# Population Genetics > mtDNA Haplogroups >  How did Mtdna J and T come To Northern Europe?

## spongetaro

I know Haplogroup Mtdna T and J are found in great amount among northern European countries (Scandinavia, Scotland, Russia) but also in Greece. 
These two haplogroup are said to have originated in the Middle east, but how come we found such a great number of northern European people who carry J and T while Spain, France and Italy have relatively few ??

----------


## spongetaro

Does this mean that Greeks , Russian and some Northern European people share common ancestors on the maternal side that South Western European don't ?
To which culture or ydna haplogroup can we link those two mtdna haplogroup ?

----------


## Carlitos

Are in many cases that can lead haplogroups in Europe 10,000 years. Haplogroup J is my mother and I'm from southern Europe, both love the north of Europe and also in southern Spain and up to 37 now match that took two people are with Irish surnames and a francophone surname I do not know why, perhaps in my case the solution is in the Kingdom of Tartessos probably never know.

----------


## Maciamo

Both came during the Neolithic, with the spread of agriculture from the Balkans to Germany (LBK culture). Both haplogroups were confirmed in ancient samples from the LBK culture in Germany, although both at lower frequency than today.
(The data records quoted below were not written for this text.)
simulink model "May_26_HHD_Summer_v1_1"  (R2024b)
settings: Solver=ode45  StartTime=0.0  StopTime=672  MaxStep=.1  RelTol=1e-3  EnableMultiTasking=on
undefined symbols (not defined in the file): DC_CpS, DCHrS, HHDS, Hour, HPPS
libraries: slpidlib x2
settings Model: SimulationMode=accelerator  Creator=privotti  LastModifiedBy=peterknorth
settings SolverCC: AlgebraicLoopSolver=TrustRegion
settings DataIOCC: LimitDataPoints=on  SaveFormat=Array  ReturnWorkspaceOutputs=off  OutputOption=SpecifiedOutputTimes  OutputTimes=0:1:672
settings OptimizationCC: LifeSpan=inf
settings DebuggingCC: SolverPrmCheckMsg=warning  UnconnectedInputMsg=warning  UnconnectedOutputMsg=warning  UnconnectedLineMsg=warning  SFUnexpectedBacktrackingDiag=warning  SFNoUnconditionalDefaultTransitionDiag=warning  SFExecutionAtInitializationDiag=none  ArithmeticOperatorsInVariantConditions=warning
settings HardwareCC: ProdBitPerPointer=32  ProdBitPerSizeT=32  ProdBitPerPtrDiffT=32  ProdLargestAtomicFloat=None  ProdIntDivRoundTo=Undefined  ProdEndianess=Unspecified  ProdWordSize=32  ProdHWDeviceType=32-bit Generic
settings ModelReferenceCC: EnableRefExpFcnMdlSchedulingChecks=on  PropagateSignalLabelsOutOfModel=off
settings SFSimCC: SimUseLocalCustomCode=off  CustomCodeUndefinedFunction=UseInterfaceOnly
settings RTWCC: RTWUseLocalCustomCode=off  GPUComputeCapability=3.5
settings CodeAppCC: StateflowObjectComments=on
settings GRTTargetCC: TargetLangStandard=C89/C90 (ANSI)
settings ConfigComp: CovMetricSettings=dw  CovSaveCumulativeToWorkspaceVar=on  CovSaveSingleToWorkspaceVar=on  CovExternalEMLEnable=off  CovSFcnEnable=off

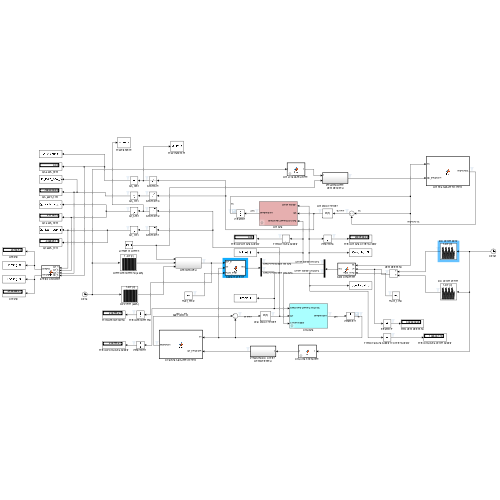
[thumbnail: Simulink's stored preview of the top-level diagram]
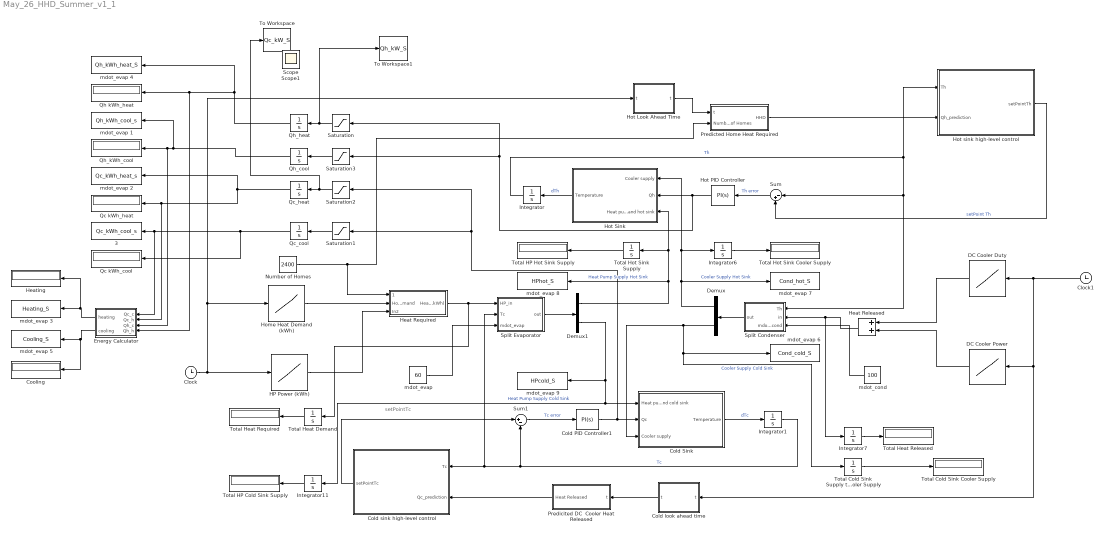
== system May_26_HHD_Summer_v1_1 ==
  note: setPointTc
  " Predicted Home Heat Required" : Subsystem  TreatAsAtomicUnit=on
  " Total HP Cold Sink Supply" : Display
      settings: Format=bank
  3 : ToWorkspace  VariableName=Qc_kWh_cool_s  SaveFormat=Timeseries  SampleTime=-1
  Clock : Clock
      settings: Decimation=100
  Clock1 : Clock
  Cold PID Controller1 : slpidlib/PID Controller  Controller=PI  Form=Parallel  TimeDomain=Continuous-time  UseExternalTs=off  SampleTime=-1  IntegratorMethod=Forward Euler  FilterMethod=Forward Euler  ControllerParametersSource=internal  P=26.5446187717975  I=15.3255427934333  UseKiTs=off  D=0  UseExternalDerivativeSource=off  N=0  UseFilter=on  TunerSelectOption=Transfer Function Based (PID Tuner App)  InitialConditionSource=internal  InitialConditionForIntegrator=1  InitialConditionForFilter=0  DifferentiatorICPrevScaledInput=0  ExternalReset=none  TrackingMode=off  Kt=1  LimitOutput=off  SatLimitsSource=internal  UpperSaturationLimit=70  LowerSaturationLimit=0  LinearizeAsGain=on  AntiWindupMode=clamping  Kb=1  LimitIntegrator=off  UpperIntegratorSaturationLimit=inf  LowerIntegratorSaturationLimit=-inf  POutMin=[]  POutMax=[]  IOutMin=[]  IOutMax=[]  DOutMin=[]  DOutMax=[]  NOutMin=[]  NOutMax=[]  SumOutMin=[]  SumOutMax=[]  SaturationOutMin=[]  SaturationOutMax=[]  PParamMin=[]  PParamMax=[]  IParamMin=[]  IParamMax=[]  DParamMin=[]  DParamMax=[]  NParamMin=[]  NParamMax=[]  KbParamMin=[]  KbParamMax=[]  KtParamMin=[]  KtParamMax=[]  KbOutMin=[]  KbOutMax=[]  KtOutMin=[]  KtOutMax=[]  IntegratorOutMin=[]  IntegratorOutMax=[]  FilterOutMin=[]  FilterOutMax=[]  SumI1OutMin=[]  SumI1OutMax=[]  SumI2OutMin=[]  SumI2OutMax=[]  SumI3OutMin=[]  SumI3OutMax=[]  SumI4OutMin=[]  SumI4OutMax=[]  SumDOutMin=[]  SumDOutMax=[]  DifferentiatorOutMin=[]  DifferentiatorOutMax=[]  FilterDiffOutCoefMin=[]  FilterDiffOutCoefMax=[]  ReciprocalOutMin=[]  ReciprocalOutMax=[]  SumDenOutMin=[]  SumDenOutMax=[]  SumNumOutMin=[]  SumNumOutMax=[]  DivideOutMin=[]  DivideOutMax=[]  UdiffTsProdOutMin=[]  UdiffTsProdOutMax=[]  NTsProdOutMin=[]  NTsProdOutMax=[]  UintegralTsProdOutMin=[]  UintegralTsProdOutMax=[]  UngainTsProdOutMin=[]  UngainTsProdOutMax=[]  ClampingZeroOutDataTypeStr=Inherit: Inherit via back propagation  ClampingZeroOutMin=[]  ClampingZeroOutMax=[]  FilterDenConstantOutDataTypeStr=Inherit: Inherit via back propagation  FilterDenConstantOutMin=[]  FilterDenConstantOutMax=[]  PCopyOutDataTypeStr=Inherit: Inherit via back propagation  PCopyOutMin=[]  PCopyOutMax=[]  NCopyOutDataTypeStr=Inherit: Inherit via back propagation  NCopyOutMin=[]  NCopyOutMax=[]  IntegratorContinuousStateAttributes=''  IntegratorStateMustResolveToSignalObject=off  IntegratorRTWStateStorageClass=Auto  FilterContinuousStateAttributes=''  FilterStateMustResolveToSignalObject=off  FilterRTWStateStorageClass=Auto  ParallelPVariant=InternalParameters  IdealPVariant=Disabled  IVariant=InternalParameters  DVariant=Disabled  IntegratorVariant=Continuous  SatVariant=Disabled  AWVariant=Passthrough  PCopyVariant=Disabled  TRVariant=Disabled  FdbkBlocksVariant=Forward  IdealPFdbkVariant=Disabled  SatFdbkVariant=Disabled  DerivativeFilterVariant=Disabled  NVariant=Disabled  NCopyVariant=Disabled_SignalSpec  FilterICVariant=Disabled  IntegratorICVariant=InternalICs  ExternalResetVariant=Disabled  TRSumVariant=Passthrough  SumFdbkVariant=Disabled  SumVariant=Sum_PI  TsampFilterVariant=InternalTs  TsampNgainVariant=Passthrough  TsampIntegralVariant=Disabled_SignalSpec  ExternalSaturationOutDataTypeStr=Inherit: Same as second input  DerivativeSourceVariant=Disabled  PreIntVariant=InternalPreInt
  Cold Sink : Subsystem  mask{TargetTemperature=10}
      mask prompts: TargetTemperature "Target temperature"
  Cold look ahead time : MATLAB Function  TreatAsAtomicUnit=on  mask{hoursToLookAhead=0.1}
      mask prompts: hoursToLookAhead "Hours to look ahead"
  Cold sink high-level control : MATLAB Function  TreatAsAtomicUnit=on
  Cooling : Display
      settings: Format=bank
  DC Cooler Duty : Lookup_n-D  NumberOfTableDimensions=1  BreakpointsForDimension1=Hour  Table=DCHrS  InternalRulePriority=Speed  RndMeth=Simplest
  DC Cooler Power : Lookup_n-D  NumberOfTableDimensions=1  BreakpointsForDimension1=Hour  Table=DC_CpS  InternalRulePriority=Speed  RndMeth=Simplest
  Demux : Demux  Outputs=2
  Demux1 : Demux  Outputs=2
  Energy Calculator : MATLAB Function  TreatAsAtomicUnit=on
  HP Power (kWh) : Lookup_n-D  NumberOfTableDimensions=1  BreakpointsForDimension1=Hour  Table=HPPS  InternalRulePriority=Speed  RndMeth=Simplest
  Heat Released : Sum
  Heat Required : Subsystem
  Heating : Display
      settings: Format=bank
  Home Heat Demand (kWh) : Lookup_n-D  NumberOfTableDimensions=1  BreakpointsForDimension1=Hour  Table=HHDS  InternalRulePriority=Speed  RndMeth=Simplest
  "Hot Look Ahead Time " : MATLAB Function  TreatAsAtomicUnit=on  mask{hoursToLookAhead=0.1}
      mask prompts: hoursToLookAhead "Hours to look ahead"
  Hot PID Controller : slpidlib/PID Controller  Controller=PI  Form=Parallel  TimeDomain=Continuous-time  UseExternalTs=off  SampleTime=-1  IntegratorMethod=Forward Euler  FilterMethod=Forward Euler  ControllerParametersSource=internal  P=392.15264275082  I=1.05921801558609  UseKiTs=off  D=0  UseExternalDerivativeSource=off  N=0  UseFilter=on  TunerSelectOption=Transfer Function Based (PID Tuner App)  InitialConditionSource=internal  InitialConditionForIntegrator=-1  InitialConditionForFilter=0  DifferentiatorICPrevScaledInput=0  ExternalReset=none  TrackingMode=off  Kt=1  LimitOutput=off  SatLimitsSource=internal  UpperSaturationLimit=50  LowerSaturationLimit=0  LinearizeAsGain=on  AntiWindupMode=clamping  Kb=1  LimitIntegrator=off  UpperIntegratorSaturationLimit=inf  LowerIntegratorSaturationLimit=-inf  POutMin=[]  POutMax=[]  IOutMin=[]  IOutMax=[]  DOutMin=[]  DOutMax=[]  NOutMin=[]  NOutMax=[]  SumOutMin=[]  SumOutMax=[]  SaturationOutMin=[]  SaturationOutMax=[]  PParamMin=[]  PParamMax=[]  IParamMin=[]  IParamMax=[]  DParamMin=[]  DParamMax=[]  NParamMin=[]  NParamMax=[]  KbParamMin=[]  KbParamMax=[]  KtParamMin=[]  KtParamMax=[]  KbOutMin=[]  KbOutMax=[]  KtOutMin=[]  KtOutMax=[]  IntegratorOutMin=[]  IntegratorOutMax=[]  FilterOutMin=[]  FilterOutMax=[]  SumI1OutMin=[]  SumI1OutMax=[]  SumI2OutMin=[]  SumI2OutMax=[]  SumI3OutMin=[]  SumI3OutMax=[]  SumI4OutMin=[]  SumI4OutMax=[]  SumDOutMin=[]  SumDOutMax=[]  DifferentiatorOutMin=[]  DifferentiatorOutMax=[]  FilterDiffOutCoefMin=[]  FilterDiffOutCoefMax=[]  ReciprocalOutMin=[]  ReciprocalOutMax=[]  SumDenOutMin=[]  SumDenOutMax=[]  SumNumOutMin=[]  SumNumOutMax=[]  DivideOutMin=[]  DivideOutMax=[]  UdiffTsProdOutMin=[]  UdiffTsProdOutMax=[]  NTsProdOutMin=[]  NTsProdOutMax=[]  UintegralTsProdOutMin=[]  UintegralTsProdOutMax=[]  UngainTsProdOutMin=[]  UngainTsProdOutMax=[]  ClampingZeroOutDataTypeStr=Inherit: Inherit via back propagation  ClampingZeroOutMin=[]  ClampingZeroOutMax=[]  FilterDenConstantOutDataTypeStr=Inherit: Inherit via back propagation  FilterDenConstantOutMin=[]  FilterDenConstantOutMax=[]  PCopyOutDataTypeStr=Inherit: Inherit via back propagation  PCopyOutMin=[]  PCopyOutMax=[]  NCopyOutDataTypeStr=Inherit: Inherit via back propagation  NCopyOutMin=[]  NCopyOutMax=[]  IntegratorContinuousStateAttributes=''  IntegratorStateMustResolveToSignalObject=off  IntegratorRTWStateStorageClass=Auto  FilterContinuousStateAttributes=''  FilterStateMustResolveToSignalObject=off  FilterRTWStateStorageClass=Auto  ParallelPVariant=InternalParameters  IdealPVariant=Disabled  IVariant=InternalParameters  DVariant=Disabled  IntegratorVariant=Continuous  SatVariant=Disabled  AWVariant=Passthrough  PCopyVariant=Disabled  TRVariant=Disabled  FdbkBlocksVariant=Forward  IdealPFdbkVariant=Disabled  SatFdbkVariant=Disabled  DerivativeFilterVariant=Disabled  NVariant=Disabled  NCopyVariant=Disabled_SignalSpec  FilterICVariant=Disabled  IntegratorICVariant=InternalICs  ExternalResetVariant=Disabled  TRSumVariant=Passthrough  SumFdbkVariant=Disabled  SumVariant=Sum_PI  TsampFilterVariant=InternalTs  TsampNgainVariant=Passthrough  TsampIntegralVariant=Disabled_SignalSpec  ExternalSaturationOutDataTypeStr=Inherit: Same as second input  DerivativeSourceVariant=Disabled  PreIntVariant=InternalPreInt
  Hot Sink : Subsystem  mask{initialTemperature=20}
      mask prompts: initialTemperature "Initial temperature"
  Hot sink high-level control : MATLAB Function  TreatAsAtomicUnit=on
  Integrator : Integrator  InitialCondition=20
  Integrator1 : Integrator  InitialCondition=10
  Integrator11 : Integrator
  Integrator6 : Integrator
  Integrator7 : Integrator
  Number of Homes : Constant  Value=2400
  Predicited DC  Cooler Heat Released : Subsystem  TreatAsAtomicUnit=on
  Qc kWh_cool : Display
      settings: Format=bank
  Qc kWh_heat : Display
      settings: Format=bank
  Qc_cool : Integrator
  Qc_heat : Integrator
  Qh kWh_heat : Display
      settings: Format=bank
  Qh_cool : Integrator
  Qh_heat : Integrator
  Qh_kWh_cool : Display
      settings: Format=bank
  Saturation : Saturate  UpperLimit=inf  LowerLimit=0
  Saturation1 : Saturate  UpperLimit=0  LowerLimit=-inf
  Saturation2 : Saturate  UpperLimit=inf  LowerLimit=0
  Saturation3 : Saturate  UpperLimit=0  LowerLimit=-inf
  Split Condenser : MATLAB Function  TreatAsAtomicUnit=on
  Split Evaporator : MATLAB Function  TreatAsAtomicUnit=on
  Sum : Sum  Inputs=|-+
  Sum1 : Sum  Inputs=|+-
  To Workspace : ToWorkspace  VariableName=Qc_kW_S  SampleTime=-1
      settings: Save2DSignal=2-D array (concatenate along first dimension)
  To Workspace1 : ToWorkspace  VariableName=Qh_kW_S  SampleTime=-1
      settings: Save2DSignal=2-D array (concatenate along first dimension)
  Total Cold Sink Cooler Supply : Display
      settings: Format=bank
  Total Cold Sink Supply to Cooler Supply : Integrator
  Total HP Hot Sink Supply : Display
      settings: Format=bank
  Total Heat Demand : Integrator
  Total Heat Released : Display
      settings: Format=bank
  Total Heat Required : Display
      settings: Format=bank
  Total Hot Sink Cooler Supply : Display
      settings: Format=bank
  Total Hot Sink Supply : Integrator
  mdot_cond : Constant  Value=100  VectorParams1D=off
  mdot_evap : Constant  Value=60  VectorParams1D=off
  mdot_evap 1 : ToWorkspace  VariableName=Qh_kWh_cool_s  SaveFormat=Timeseries  SampleTime=-1
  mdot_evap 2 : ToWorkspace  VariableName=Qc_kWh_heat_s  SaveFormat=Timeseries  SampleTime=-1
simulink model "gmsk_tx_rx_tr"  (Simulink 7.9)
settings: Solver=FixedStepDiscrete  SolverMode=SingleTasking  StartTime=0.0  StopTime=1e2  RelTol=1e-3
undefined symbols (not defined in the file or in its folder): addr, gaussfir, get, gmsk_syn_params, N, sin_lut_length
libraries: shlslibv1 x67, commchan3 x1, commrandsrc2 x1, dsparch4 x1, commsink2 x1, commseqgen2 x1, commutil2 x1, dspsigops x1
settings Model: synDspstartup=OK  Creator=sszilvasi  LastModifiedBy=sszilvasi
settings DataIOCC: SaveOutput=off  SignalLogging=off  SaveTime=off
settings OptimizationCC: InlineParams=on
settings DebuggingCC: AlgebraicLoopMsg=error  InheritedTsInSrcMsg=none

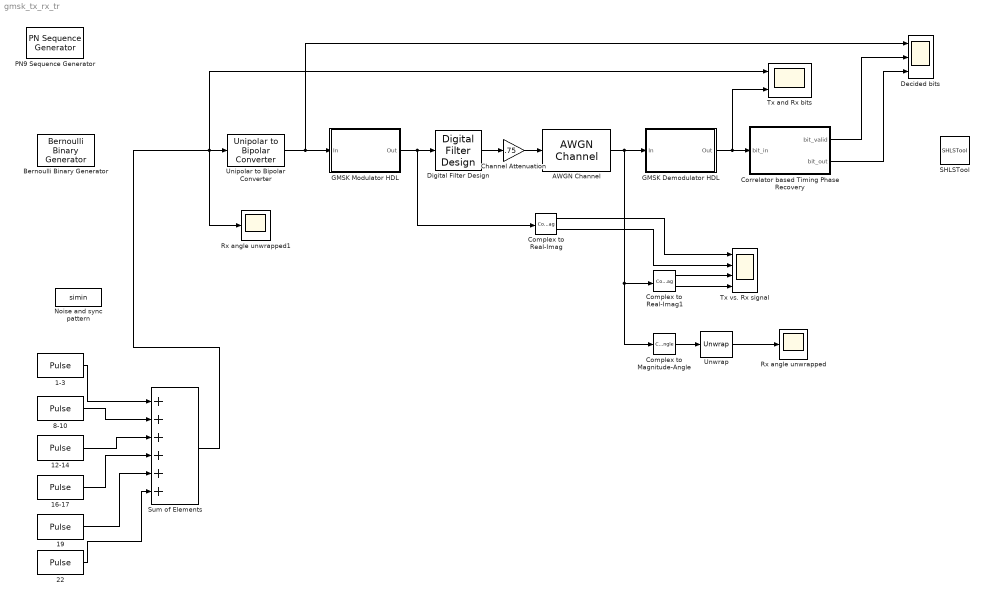
== system gmsk_tx_rx_tr ==
  1-3 : DiscretePulseGenerator  Period=100  PulseWidth=3  PhaseDelay=51
  12-14 : DiscretePulseGenerator  Period=100  PulseWidth=3  PhaseDelay=62
  16-17 : DiscretePulseGenerator  Period=100  PulseWidth=2  PhaseDelay=66
  19 : DiscretePulseGenerator  Period=100  PhaseDelay=69
  22 : DiscretePulseGenerator  Period=100  PhaseDelay=72
  8-10 : DiscretePulseGenerator  Period=100  PulseWidth=3  PhaseDelay=58
  AWGN Channel : commchan3/AWGN Channel  InputProcessing=Columns as channels (frame based)  seed=67  noiseMode="Signal to noise ratio  (Eb/No)"  EbNodB=25  EsNodB=10  SNRdB=10  bitsPerSym=1  Ps=1  Tsym=1  variance=1
  Bernoulli Binary Generator : commrandsrc2/Bernoulli Binary Generator  P=0.5  seed=61  Ts=1  frameBased=off  sampPerFrame=1  orient=off  outDataType=double
  Channel Attenuation : Gain  Gain=.75
  Complex to Magnitude-Angle : ComplexToMagnitudeAngle  Output=Angle
  Complex to Real-Imag : ComplexToRealImag
  Complex to Real-Imag1 : ComplexToRealImag
  Correlator based Timing Phase Recovery : Subsystem  mask{sync_pattern=[0 1 1 1 0 0 0 0 1 1 1 0 1 1 1 0 1 1 0 1 0 0 1 0]}
      mask prompts: sync_pattern "Synchronization pattern"
      mask Display:
      | port_label('input',1,'In')
      | port_label('output',1,'Valid')
      | port_label('output',2,'Out')
  Decided bits : Scope  NumInputPorts=3
      settings: YMin=-5~-5~-5  YMax=5~5~5  SaveName=ScopeData4
  Digital Filter Design : dsparch4/Digital Filter Design  mwdsp_browser_bugfix_var=off
  GMSK Demodulator HDL : Subsystem
  GMSK Modulator HDL : Subsystem
  Noise and sync pattern : FromWorkspace  VariableName=simin  SampleTime=0
  PN9 Sequence Generator : commseqgen2/PN Sequence Generator  poly=[1 0 0 0 1 0 0 0 0 1]  ini_sta=1  outBitMaskSource=Dialog parameter  shift=0  outVarSiz=off  maxOutSizeMode=Dialog parameter  maxOutSize=[10 1]  Ts=1  frameBased=off  sampPerFrame=1  reset=off  bitPackedOutputs=off  outDataType=double  numPackedBits=8  bitPackDataSigned=off  bitPackedOutDType=double
  Rx angle unwrapped : Scope
      settings: SaveName=ScopeData6
  Rx angle unwrapped1 : Scope
      settings: SaveName=ScopeData9
  SHLSTool : shlslibv1/SHLSTool  synBlockType=tool  syn_dsp_mode=FPGA
  Sum of Elements : Sum  Inputs=++++++
  Tx and Rx bits : Scope  NumInputPorts=2
      settings: YMin=-5~-5  YMax=5~5  SaveName=ScopeData7
  Tx vs. Rx signal : Scope  NumInputPorts=4
      settings: YMin=-5~-5~-1.1~-5  YMax=5~5~1.2~5  SaveName=ScopeData5
  Unipolar to Bipolar Converter : commutil2/Unipolar to Bipolar Converter  M=2  polarity=Positive  dataType=Inherit via internal rule
  Unwrap : dspsigops/Unwrap  tol=pi  InputProcessing=Columns as channels (frame based)  running=off
  wires:
  GMSK Modulator HDL/1(Out) -> Complex to Real-Imag/1, Digital Filter Design/1
  AWGN Channel/1 -> GMSK Demodulator HDL/1(In), Complex to Real-Imag1/1, Complex to Magnitude-Angle/1
  GMSK Demodulator HDL/1(Out) -> Correlator based Timing Phase Recovery/1(bit_in), Tx and Rx bits/2
  Correlator based Timing Phase Recovery/1(bit_valid) -> Decided bits/2
  Correlator based Timing Phase Recovery/2(bit_out) -> Decided bits/3
  Complex to Real-Imag/1 -> Tx vs. Rx signal/1
  Complex to Real-Imag/2 -> Tx vs. Rx signal/2
  Complex to Real-Imag1/1 -> Tx vs. Rx signal/3
  Complex to Real-Imag1/2 -> Tx vs. Rx signal/4
  Unwrap/1 -> Rx angle unwrapped/1
  Complex to Magnitude-Angle/1 -> Unwrap/1
  Sum of Elements/1 -> Unipolar to Bipolar Converter/1, Tx and Rx bits/1, Rx angle unwrapped1/1
  Unipolar to Bipolar Converter/1 -> GMSK Modulator HDL/1(In), Decided bits/1
  Channel Attenuation/1 -> AWGN Channel/1
  1-3/1 -> Sum of Elements/1
  8-10/1 -> Sum of Elements/2
  12-14/1 -> Sum of Elements/3
  16-17/1 -> Sum of Elements/4
  19/1 -> Sum of Elements/5
  22/1 -> Sum of Elements/6
  Digital Filter Design/1 -> Channel Attenuation/1

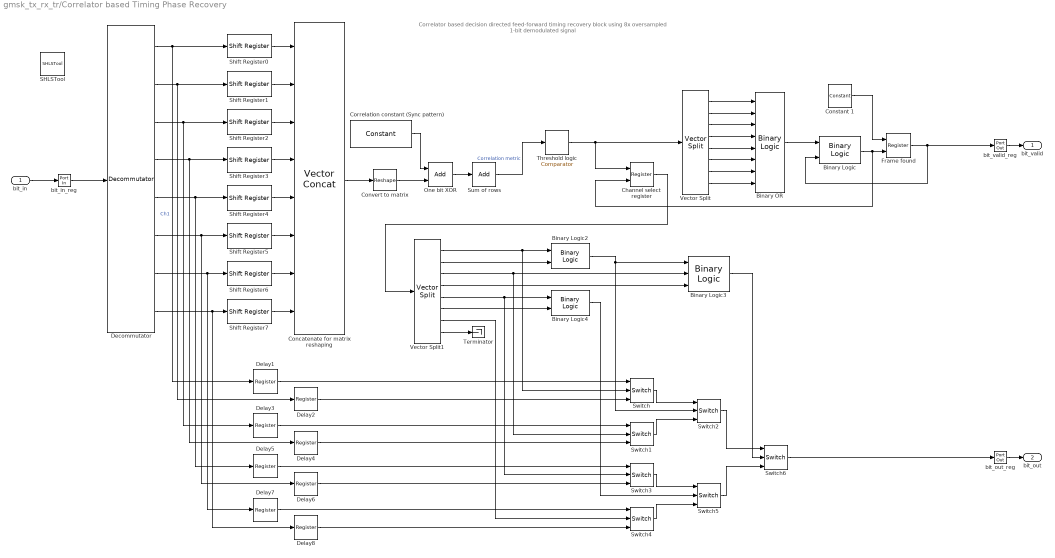
== system gmsk_tx_rx_tr/Correlator based Timing Phase Recovery ==
  note: Correlator based decision directed feed-forward timing recovery block
      | using 8x oversampled 1-bit demodulated signal
  bit_in : Inport
  Binary Logic : shlslibv1/Math Functions/Binary Logic  syn_binlog_exp=a&~b  synBlockType=primitive  synLatency=0  synBlockId=13
  Binary Logic2 : shlslibv1/Math Functions/Binary Logic  syn_binlog_exp=a|b  synBlockType=primitive  synLatency=0  synBlockId=13
  Binary Logic3 : shlslibv1/Math Functions/Binary Logic  syn_binlog_exp=a|b|c  synBlockType=primitive  synLatency=0  synBlockId=13
  Binary Logic4 : shlslibv1/Math Functions/Binary Logic  syn_binlog_exp=a|b  synBlockType=primitive  synLatency=0  synBlockId=13
  Binary OR : shlslibv1/Math Functions/Binary Logic  syn_binlog_exp=a|b|c|d|e|f|g|h  synBlockType=primitive  synLatency=0  synBlockId=13
  Channel select register : shlslibv1/Memories/Register  syn_delay_val=1  syn_rst_port=off  syn_en_port=on  synBlockType=custom  synLatency=1
  Concatenate for matrix reshaping : shlslibv1/Signal Operations/Vector Concat  syn_in_nb=8  syn_out_f=Full Precision  syn_out_wl=16  syn_out_fl=8  syn_out_dt=signed  synBlockType=primitive  synLatency=0  synBlockId=19
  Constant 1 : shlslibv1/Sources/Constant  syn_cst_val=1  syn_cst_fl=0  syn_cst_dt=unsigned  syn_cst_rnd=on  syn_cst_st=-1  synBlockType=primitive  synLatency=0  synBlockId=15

Haplogroup J has been associated with increased heat production by the mitochondria, therefore providing an evolutionary advantage for northern climates. This may explain why this haplogroup became so common in Scandinavia, and especially in Norway (12%). In comparison, Middle-Eastern Y-DNA (hg E, G, J) make up about 10% of the population in North Germany, 5% in Denmark and 2.5% in Sweden and Norway. MtDNA frequencies are much more likely to vary in time if they can confer an advantage in a particular climate.

Haplogroup T is also extremely common in the Eurasian steppe and indubitably has connections with the Indo-Europeans, as attested by the ancient DNA from the Bronze Age in the Pontic steppes and Central Asia.

Incidentally, haplogroups J and T account for about 20% of the lineages in Italy, so it isn't little. Keep in mind that Middle Eastern lineages also included many subclades of H and K as well as haplogroups that are rarer in Europe like N1a, X2, U1, U7, U8 and U9. 

Note that mtDNA haplogroup T, N1a and X2 have a strong affinity with the Caucasus, and surely correlate with Y-haplogroup G2a (and to a lower extent J2). Haplogroups U1, U8 and K peak in Anatolia and northern Mesopotamia (homeland of J2), but are also found in the Caucasus and beyond. 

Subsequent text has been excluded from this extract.